(Data excerpts)
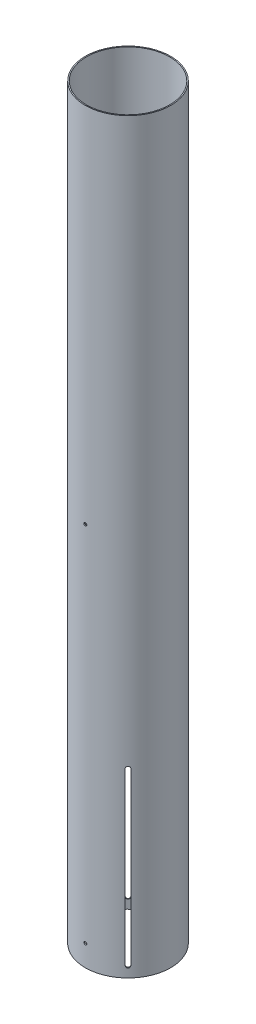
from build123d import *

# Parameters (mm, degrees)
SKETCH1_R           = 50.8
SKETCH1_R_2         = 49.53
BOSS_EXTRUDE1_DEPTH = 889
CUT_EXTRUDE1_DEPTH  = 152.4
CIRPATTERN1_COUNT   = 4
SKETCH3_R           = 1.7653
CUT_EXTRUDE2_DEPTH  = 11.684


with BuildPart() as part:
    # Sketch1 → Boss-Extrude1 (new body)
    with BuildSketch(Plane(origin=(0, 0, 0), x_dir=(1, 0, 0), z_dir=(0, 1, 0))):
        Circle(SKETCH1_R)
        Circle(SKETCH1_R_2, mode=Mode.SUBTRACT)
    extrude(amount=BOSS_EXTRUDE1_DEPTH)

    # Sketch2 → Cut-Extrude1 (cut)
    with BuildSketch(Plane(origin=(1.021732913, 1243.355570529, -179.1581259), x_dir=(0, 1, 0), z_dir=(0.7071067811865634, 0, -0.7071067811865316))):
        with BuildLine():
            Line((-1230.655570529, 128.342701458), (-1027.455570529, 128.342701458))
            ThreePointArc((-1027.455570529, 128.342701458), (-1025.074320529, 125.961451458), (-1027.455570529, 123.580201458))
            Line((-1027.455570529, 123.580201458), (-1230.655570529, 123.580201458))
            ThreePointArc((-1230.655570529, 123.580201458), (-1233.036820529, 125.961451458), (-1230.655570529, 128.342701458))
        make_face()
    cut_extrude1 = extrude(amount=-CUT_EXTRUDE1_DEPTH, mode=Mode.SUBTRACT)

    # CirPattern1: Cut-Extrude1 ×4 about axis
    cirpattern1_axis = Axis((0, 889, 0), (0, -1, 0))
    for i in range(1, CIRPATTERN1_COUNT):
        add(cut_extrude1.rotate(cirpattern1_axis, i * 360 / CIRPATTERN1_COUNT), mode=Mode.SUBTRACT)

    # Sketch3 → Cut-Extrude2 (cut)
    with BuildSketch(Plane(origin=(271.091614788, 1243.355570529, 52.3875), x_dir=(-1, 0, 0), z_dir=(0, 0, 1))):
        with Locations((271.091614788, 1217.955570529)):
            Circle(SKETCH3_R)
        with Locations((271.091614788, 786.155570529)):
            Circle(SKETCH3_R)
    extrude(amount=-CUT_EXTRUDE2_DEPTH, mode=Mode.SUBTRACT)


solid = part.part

WORK TO COMPLETE> Print, exactly and only, the lines running from the one with "extrude(amount=-CUT_EXTRUDE2_DEPTH, mode=Mode.SUBTRACT)" to the end of the data above.

ANSWER SPACE>
    extrude(amount=-CUT_EXTRUDE2_DEPTH, mode=Mode.SUBTRACT)


solid = part.part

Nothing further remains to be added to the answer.